Not sure if i understand it correctly but i used it this way.
I have the domain https://www.kopfhoerer-berater.de/sitemap.xml
And on that page i have the seperate sitemaps for contenttypes.

On a small site that may not be necessary by default.

gbyte’s picture

Assigned: Unassigned » gbyte
Status: Postponed (maintainer needs more info) » Active
Related issues: +#3269333: Add ability to disable sitemap variants
  • Would it make sense for new installations of the module to always create an index of all sitemaps (even if there is only one) and make that index the default sitemap available under /sitemap.xml?
  • If we do not use the index by default, would it still make sense to create the SimpleSitemap 'index' entity on install and have the sitemap index be available under /index/sitemap.xml? Obviously the user would be able to delete the index entity or set it as default to have it available under /sitemap.xml.
  • Last but no least, for existing intallations: Does it make sense to create the SimpleSitemap 'index' entity in an update hook on top of the SimpleSitemapType 'index' entity? Or do we trust site builders with that task?

These questions become moot once I implement #3269333: Add ability to disable sitemap variants.

chr.fritsch’s picture

@gbyte Thx, for working on this.
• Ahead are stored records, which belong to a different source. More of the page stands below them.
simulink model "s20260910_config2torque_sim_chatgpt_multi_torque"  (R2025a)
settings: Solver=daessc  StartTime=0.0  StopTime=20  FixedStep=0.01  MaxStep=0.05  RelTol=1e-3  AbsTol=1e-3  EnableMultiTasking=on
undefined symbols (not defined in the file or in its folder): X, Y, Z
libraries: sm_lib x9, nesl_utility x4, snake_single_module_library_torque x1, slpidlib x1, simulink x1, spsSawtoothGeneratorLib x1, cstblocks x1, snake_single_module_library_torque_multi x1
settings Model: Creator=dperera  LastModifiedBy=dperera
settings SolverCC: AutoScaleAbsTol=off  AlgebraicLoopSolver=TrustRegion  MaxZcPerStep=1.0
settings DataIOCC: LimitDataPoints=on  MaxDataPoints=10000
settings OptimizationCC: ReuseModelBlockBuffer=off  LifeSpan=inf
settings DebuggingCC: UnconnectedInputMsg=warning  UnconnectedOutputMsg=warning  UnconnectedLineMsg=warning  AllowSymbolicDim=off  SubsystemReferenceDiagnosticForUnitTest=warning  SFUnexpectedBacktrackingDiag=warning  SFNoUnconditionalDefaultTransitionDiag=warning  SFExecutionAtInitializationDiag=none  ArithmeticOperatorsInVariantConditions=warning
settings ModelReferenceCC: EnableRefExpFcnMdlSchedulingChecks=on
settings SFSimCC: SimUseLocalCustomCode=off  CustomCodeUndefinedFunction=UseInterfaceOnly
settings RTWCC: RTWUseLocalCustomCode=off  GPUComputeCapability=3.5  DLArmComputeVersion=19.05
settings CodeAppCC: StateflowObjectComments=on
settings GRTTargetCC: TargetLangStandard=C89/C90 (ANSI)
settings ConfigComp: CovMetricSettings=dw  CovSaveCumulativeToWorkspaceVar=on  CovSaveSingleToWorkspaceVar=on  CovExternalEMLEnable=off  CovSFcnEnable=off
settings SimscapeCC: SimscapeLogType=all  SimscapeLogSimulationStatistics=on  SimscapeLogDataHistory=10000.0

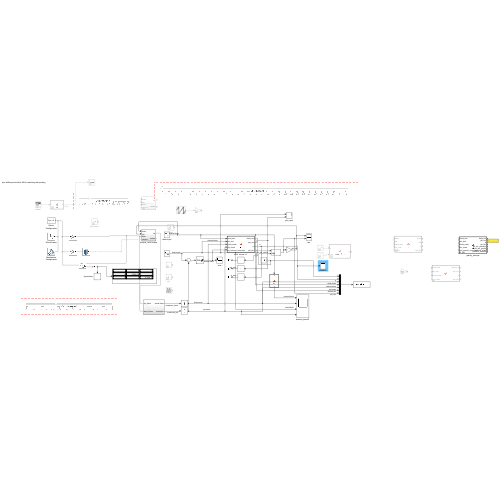
[thumbnail: Simulink's stored preview of the top-level diagram]
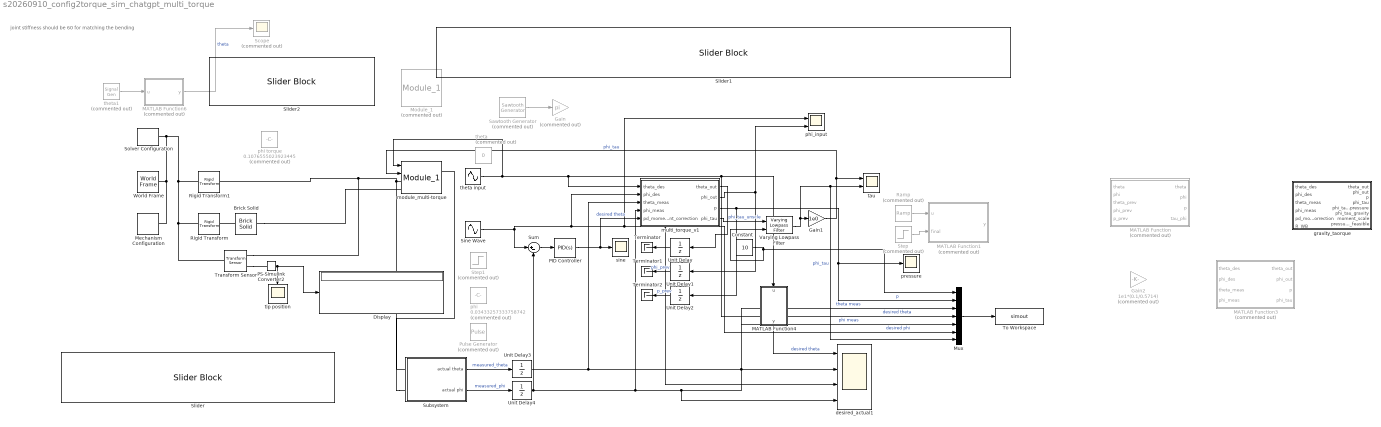
== system s20260910_config2torque_sim_chatgpt_multi_torque ==
  note: joint stiffness should be 60 for matching the bending
  Brick Solid : sm_lib/Body Elements/Brick Solid  BrickDimensions=[0.5 0.5 0.01]  BrickDimensionsUnits=m  ExportEntireGeometry=on  InertiaType=CalculateFromGeometry  BasedOnType=Density  Density=1000  DensityUnits=kg/m^3  Mass=1  MassUnits=kg  CenterOfMass=[0 0 0]  CenterOfMassUnits=m  MomentsOfInertia=[1 1 1]  MomentsOfInertiaUnits=kg*m^2  ProductsOfInertia=[0 0 0]  ProductsOfInertiaUnits=kg*m^2  GraphicType=FromGeometry  MarkerShape=Sphere  MarkerSize=10  GraphicVisPropType=SimpleVisualProperties  GraphicDiffuseColor=[0.5 0.5 0.5]  GraphicOpacity=1  GraphicSpecularColor=[0.5 0.5 0.5 1.0]  GraphicAmbientColor=[0.15 0.15 0.15 1.0]  GraphicEmissiveColor=[0.0 0.0 0.0 1.0]  GraphicShininess=75  DoExposeReferenceFrame=on  SerializedFrames=<Frames/>
  Constant : Constant  Value=10
  Display : Display
  Gain : Gain  Commented=on  Gain=pi
  Gain1 : Gain  Gain=1e0
  Gain2 : Gain  Commented=on  Gain=1e1*(0.1/0.5714)
  MATLAB Function : MATLAB Function  Commented=on  TreatAsAtomicUnit=on
  MATLAB Function1 : MATLAB Function  Commented=on  TreatAsAtomicUnit=on
  MATLAB Function3 : MATLAB Function  Commented=on  TreatAsAtomicUnit=on
  MATLAB Function4 : MATLAB Function  TreatAsAtomicUnit=on
  MATLAB Function6 : MATLAB Function  Commented=on  TreatAsAtomicUnit=on
  Mechanism Configuration : sm_lib/Utilities/Mechanism Configuration  UniformGravity=Constant  GravityVector=[0 0 -9.80665]  GravityVectorUnits=m/s^2  LinearizationDelta=0.001  JointModeTransitionNonlinearIterations=2
  Module_1 : snake_single_module_library_torque/Module_1  Commented=on  SystemSampleTime=-1  VariantActivationTime=update diagram  EmptyChoice=off  PassThrough=off  PassThroughVariantControl=(default)  EmptyChoiceVariantControl=(default)  AllowFlexibleInterface=on  Latency=0  AutoFrameSizeCalculation=off
  Mux : Mux  Inputs=7
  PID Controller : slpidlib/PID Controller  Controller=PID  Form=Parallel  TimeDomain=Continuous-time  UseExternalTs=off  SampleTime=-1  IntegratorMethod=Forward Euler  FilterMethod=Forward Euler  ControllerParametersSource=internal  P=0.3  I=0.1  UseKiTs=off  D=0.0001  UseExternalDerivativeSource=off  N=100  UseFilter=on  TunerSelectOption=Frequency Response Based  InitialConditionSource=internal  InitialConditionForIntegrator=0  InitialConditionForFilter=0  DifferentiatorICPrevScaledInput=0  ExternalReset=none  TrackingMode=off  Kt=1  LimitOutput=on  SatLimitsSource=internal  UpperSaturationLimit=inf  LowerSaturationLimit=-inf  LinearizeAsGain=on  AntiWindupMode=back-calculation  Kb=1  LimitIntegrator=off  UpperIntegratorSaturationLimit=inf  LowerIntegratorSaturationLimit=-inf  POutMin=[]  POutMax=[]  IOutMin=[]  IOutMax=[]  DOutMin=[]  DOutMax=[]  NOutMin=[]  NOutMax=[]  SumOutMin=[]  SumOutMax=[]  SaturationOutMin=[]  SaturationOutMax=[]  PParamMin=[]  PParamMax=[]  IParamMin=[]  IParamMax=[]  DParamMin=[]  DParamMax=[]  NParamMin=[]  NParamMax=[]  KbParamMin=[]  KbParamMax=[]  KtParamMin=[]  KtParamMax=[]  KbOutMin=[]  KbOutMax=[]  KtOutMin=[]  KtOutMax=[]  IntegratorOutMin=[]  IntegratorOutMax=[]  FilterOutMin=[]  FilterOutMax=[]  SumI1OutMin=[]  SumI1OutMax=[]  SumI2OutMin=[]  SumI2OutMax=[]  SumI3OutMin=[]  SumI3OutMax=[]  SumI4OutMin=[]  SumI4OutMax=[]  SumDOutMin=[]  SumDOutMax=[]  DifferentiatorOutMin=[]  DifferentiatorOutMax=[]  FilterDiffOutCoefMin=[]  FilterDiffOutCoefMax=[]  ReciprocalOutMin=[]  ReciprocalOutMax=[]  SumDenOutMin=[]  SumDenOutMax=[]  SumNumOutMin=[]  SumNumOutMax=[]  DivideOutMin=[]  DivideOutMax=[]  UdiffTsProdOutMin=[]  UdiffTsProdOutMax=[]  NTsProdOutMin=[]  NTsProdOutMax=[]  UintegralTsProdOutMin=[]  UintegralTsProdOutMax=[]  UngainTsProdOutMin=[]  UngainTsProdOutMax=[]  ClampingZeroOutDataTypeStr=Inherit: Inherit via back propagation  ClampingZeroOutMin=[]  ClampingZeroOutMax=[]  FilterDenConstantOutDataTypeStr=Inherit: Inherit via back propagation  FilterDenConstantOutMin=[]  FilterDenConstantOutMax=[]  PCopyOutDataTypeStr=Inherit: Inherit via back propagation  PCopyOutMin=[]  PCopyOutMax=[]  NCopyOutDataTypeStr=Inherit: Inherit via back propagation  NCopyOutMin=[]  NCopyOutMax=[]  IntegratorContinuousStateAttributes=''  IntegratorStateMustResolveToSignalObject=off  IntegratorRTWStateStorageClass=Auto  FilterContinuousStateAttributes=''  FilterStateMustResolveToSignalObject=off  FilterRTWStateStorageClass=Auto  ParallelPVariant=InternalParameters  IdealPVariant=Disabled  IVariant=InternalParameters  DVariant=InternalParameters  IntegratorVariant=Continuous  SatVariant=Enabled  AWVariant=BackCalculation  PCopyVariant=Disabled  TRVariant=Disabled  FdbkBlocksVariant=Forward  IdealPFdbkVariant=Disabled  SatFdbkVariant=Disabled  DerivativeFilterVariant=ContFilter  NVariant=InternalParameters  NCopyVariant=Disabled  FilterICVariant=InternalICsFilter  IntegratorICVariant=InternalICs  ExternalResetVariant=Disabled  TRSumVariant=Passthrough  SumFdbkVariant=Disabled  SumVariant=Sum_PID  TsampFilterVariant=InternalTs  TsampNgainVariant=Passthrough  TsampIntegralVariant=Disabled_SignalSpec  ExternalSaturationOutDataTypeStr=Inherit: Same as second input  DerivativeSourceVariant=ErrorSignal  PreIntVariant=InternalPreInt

Awesome. Let me know if you need a review or any help.

gbyte’s picture

Assigned: gbyte » Unassigned
Status: Active » Needs review

@chr.fritsch Thanks and yes, I wouldn't mind one of you guys adding XSL to the sitemap index generator.

Use \Drupal\simple_sitemap\Plugin\simple_sitemap\SitemapGenerator\SitemapIndexGenerator::getXslContent analogous to \Drupal\simple_sitemap\Plugin\simple_sitemap\SitemapGenerator\DefaultSitemapGenerator::getXslContent.

Alternatively remove the method \Drupal\simple_sitemap\Plugin\simple_sitemap\SitemapGenerator\SitemapIndexGenerator::getXslContent and alter xsl/simple_sitemap.xsl to accomodate the sitemap index.

Feel free to introduce any other changes concerning the index functionality - will happily review. Thanks in advance.

gbyte’s picture

Status: Needs review » Needs work
chr.fritsch’s picture

I am not an expert on XML/XSL stuff. What should the XSL look like?

Can I do something similar to WordPress? https://developer.wordpress.org/reference/classes/wp_sitemaps_stylesheet...

gbyte’s picture

I am not an expert on XML/XSL stuff. What should the XSL look like?

I can't prioritize learning the structure ATM, hence I'm asking for support. Not sure about your question though, XSL is already integrated for the default sitemaps; right now it's only about adjusting it to fit the index of sitemaps. See my comment.
Anyone feel free to grab this.

chr.fritsch’s picture

Status: Needs work » Needs review

I fixed the sitemap index XML. And now the XSL is applied correctly as far as I can see.

gbyte’s picture

Status: Needs review » Needs work

Is the index of unrelated sitemaps on the site (new functionality) the same as splitting up one sitemap into chunks in terms of sitemap structure (old functionality)? If so how did we miss this?

In this case, SitemapIndexGenerator::getChunkContent should use SitemapGeneratorBase::$indexAttributes instead of calling DefaultSitemapGenerator::addSitemapAttributes() I believe, similar to what SitemapGeneratorBase::getIndexContent does.

marcoka’s picture

Installed the latest dev version today for testing. Whet i would expect is that
http://dev9.test.de/sitemap.xml would list an index that lists all the subindexes i created. In my case

-One for Contenttype Article
-One for Contenttype Site
-One for Contenttype Product

What i get is that http://dev9.test.de/sitemap.xml lists the first entry in my case the content of "http://dev9.test.de/artikel/sitemap.xml"

gbyte’s picture

@marcoka

/sitemap.xml lists your default sitemap, as set in your settings - this is expected behavior.

If you need an index of all sitemaps, be patient or use the above branch/patch. It's more or less finished, just needs some love.

  • gbyte committed dd1c22a on 4.x
    Issue #3109090 by gbyte, cgmonroe, michele.lucchina, chr.fritsch,...
gbyte’s picture

Status: Needs work » Fixed

Thanks for your input; that's in dev now and will (hopefully) be released mid June alongside D10 support and a few other niceties.

Status: Fixed » Closed (fixed)

Automatically closed - issue fixed for 2 weeks with no activity.